Il tutto viene ripreso nei luoghi e nei modi in cui quella musica viene suonata abitualmente: nelle osterie, nei bar, ai matrimoni, di fronte ad un pubblico ristretto e spesso impegnato a mangiare, bere, chiacchierare, che solo raramente si unisce al canto o si lancia in un ballare solitario e spontaneo. Una spontaneità, quella del rebetiko, che la pellicola riesce soltanto raramente a trasmettere.
Come rivelato da Segre stesso, è stato spesso necessario cambiare la disposizione del pubblico (fondamentalmente, persone sedute a tavola) e dei locali o, in alcuni casi, abbandonarli del tutto in favore di luoghi più adatti alla cinepresa, il tutto a scapito dell’autenticità. L’impressione, anche considerando la scelta di adottare una fotografia “sporca” e di utilizzare la camera a mano, è che gli autori siano stati risucchiati nel mezzo tra il desiderio di autenticità (il tanto decantato lo-fi) e quello della resa estetica (la costruzione della scena). Il risultato è che il film non riesce ad ottenere il transfer tra lo spettatore del film e quello dell’esibizione, tra le poltroncine del cinema ed il “luogo del delitto”, fondamentale nei documentari, soprattutto se di questo tipo.
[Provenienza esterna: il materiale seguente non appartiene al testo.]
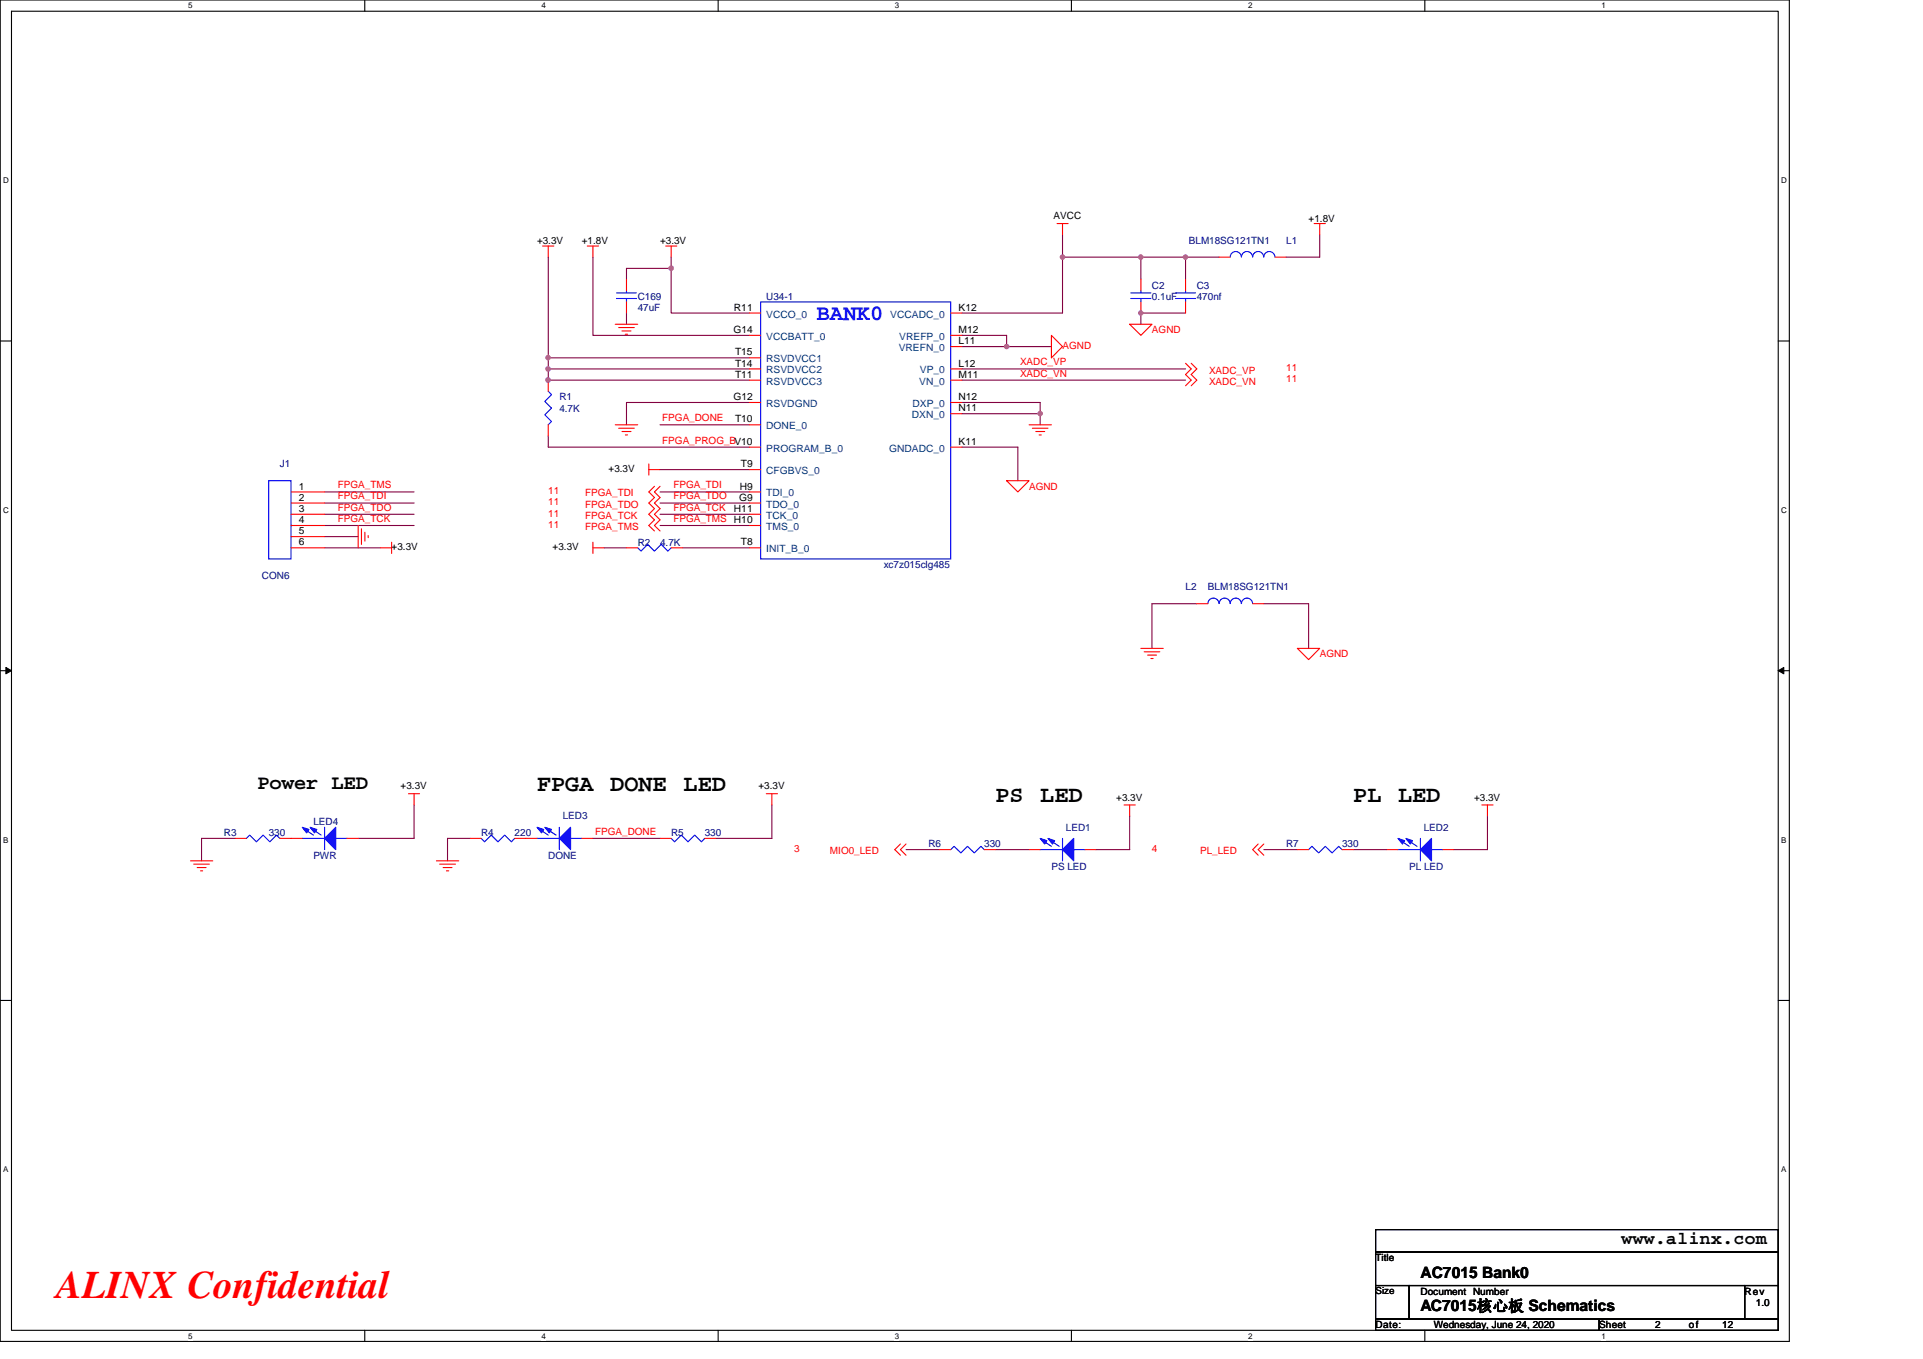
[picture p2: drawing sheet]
<svg xmlns="http://www.w3.org/2000/svg" width="297mm" height="210mm" viewBox="0 0 297 210" stroke-linecap="round" stroke-linejoin="round" font-family="sans-serif">
<path d="M0 0h276.4v207.3h-276.4zM1.8 1.7h272.9v203.8h-272.9z" fill="none" stroke="#000" stroke-width=".17"/>
<g fill="#fff">
<path d="M29.1 .2h.6v1.4h-.6z"/>
<path d="M29.1 205.7h.6v1.4h-.6z"/>
</g>
<path d="M56.3 0v1.7M56.3 205.5v1.8" fill="none" stroke="#000" stroke-width=".17"/>
<g fill="#fff">
<path d="M83.6 .2h.7v1.4h-.7z"/>
<path d="M83.6 205.7h.7v1.4h-.7z"/>
</g>
<path d="M110.9 0v1.7M110.9 205.5v1.8" fill="none" stroke="#000" stroke-width=".17"/>
<g fill="#fff">
<path d="M138.2 .2h.7v1.4h-.7z"/>
<path d="M138.2 205.7h.7v1.4h-.7z"/>
</g>
<path d="M165.5 0v1.7M165.5 205.5v1.8" fill="none" stroke="#000" stroke-width=".17"/>
<g fill="#fff">
<path d="M192.8 .2h.6v1.4h-.6z"/>
<path d="M192.8 205.7h.6v1.4h-.6z"/>
</g>
<path d="M220.1 0v1.7M220.1 205.5v1.8" fill="none" stroke="#000" stroke-width=".17"/>
<g fill="#fff">
<path d="M247.4 .2h.6v1.4h-.6z"/>
<path d="M247.4 205.7h.6v1.4h-.6z"/>
<path d="M.5 27.2h.8v1.4h-.8z"/>
<path d="M275.1 27.2h.9v1.4h-.9z"/>
<path d="M.5 78.1h.8v1.4h-.8z"/>
<path d="M275.1 78.1h.9v1.4h-.9z"/>
</g>
<path d="M0 52.7h1.8M274.7 52.7h1.7" fill="none" stroke="#000" stroke-width=".17"/>
<g fill="#fff">
<path d="M.5 129.1h.8v1.4h-.8z"/>
<path d="M275.1 129.1h.8v1.4h-.8z"/>
</g>
<path d="M0 103.6h1.8M274.7 103.6h1.7" fill="none" stroke="#000" stroke-width=".17"/>
<path d="M.9 103.1l.9 .5-.9 .5zM274.7 103.6l.8-.5v1z" fill="#000" stroke="#000" stroke-width=".15"/>
<g fill="#fff">
<path d="M.5 180h.8v1.4h-.8z"/>
<path d="M275.1 180h.8v1.4h-.8z"/>
</g>
<path d="M0 154.6h1.8M274.7 154.6h1.7M212.5 190h62.2v3.5h-62.2zM212.5 193.5h62.2v5.1h-62.2zM212.5 198.6h5.2v5.2h-5.2zM217.7 198.6h51.8v5.2h-51.8zM269.5 198.6h5.2v5.2h-5.2zM212.5 203.8h34.5v1.7h-34.5zM247 203.8h27.7v1.7h-27.7z" fill="none" stroke="#000" stroke-width=".17"/>
<g fill="none" stroke="#800040" stroke-width=".17">
<path d="M84.7 39.7v15.6h31.1M91.6 39.7v12.1h24.2M103.7 39.7v1.8M164.1 39.7v8.7h-15.5M164.1 36.3v3.4M164.1 39.7h12.1v3.5M176.2 39.7h6.9M183.1 39.7v3.5M183.1 39.7h5.2M203.9 36.3v3.4h-5.2M84.7 57v1.7h31.1M84.7 55.3v1.7h31.1"/>
<path d="M96.8 43.2v-1.7h6.9v6.9h12.1M96.8 48.4v1.7M148.6 58.7h34.5M148.6 57h34.5M148.6 51.8h6.9v1.8M148.6 53.6h6.9M155.5 53.6h6.9M183.1 48.4h-6.9v1.7M50.1 76h13.9M50.1 77.7h13.9M50.1 79.5h13.9M84.7 67.4v1.7h31.1"/>
<path d="M102 72.6h13.8M102 76h13.8M102 77.7h13.8M102 79.5h13.8M102 65.6h13.8M115.8 62.2h-19v3.4M148.6 69.1h8.6v5.2M148.6 62.2h12.1v1.7M148.6 63.9h12.1v1.7M50.1 84.6h8.7M50.1 82.9h5.2M50.1 81.2h13.9"/>
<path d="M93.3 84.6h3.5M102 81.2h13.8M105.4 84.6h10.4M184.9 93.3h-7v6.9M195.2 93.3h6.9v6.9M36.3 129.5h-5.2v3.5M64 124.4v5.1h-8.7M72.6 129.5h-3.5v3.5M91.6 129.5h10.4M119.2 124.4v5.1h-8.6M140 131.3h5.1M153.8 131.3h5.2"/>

Anche la scelta di inserire delle didascalie “didattiche”, contenenti i riferimenti alle canzoni eseguite, nel bel mezzo delle scene non aiuta affatto ad immedesimarsi nel clima sgangherato delle serate. Suvvia, non è quello di Piero Angela il primo numero a cui telefonereste per una birra in osteria.
La storia del rebetiko viene quindi narrata dai musicisti stessi, che si aprono alle telecamere di Segre per ricordare i loro incontri, esprimere le loro idee, i loro apocalittici presagi sul futuro della Grecia. Si viene così a delineare la sfaccettata figura del rebete: l’emarginato, l’anticonformista, dedito all’alcool e al fumo, che è soltanto in apparenza indifferente a quanto accade intorno a lui. È infatti la realtà, fatta di amori torbidi e impossibili, di rabbia, di fatica, il soggetto delle sue canzoni. Un profilo che ricorda molto da vicino quello del bluesman americano: e proprio questa vicinanza tra la filosofia e l’estetica dei due generi una delle tesi implicite della pellicola.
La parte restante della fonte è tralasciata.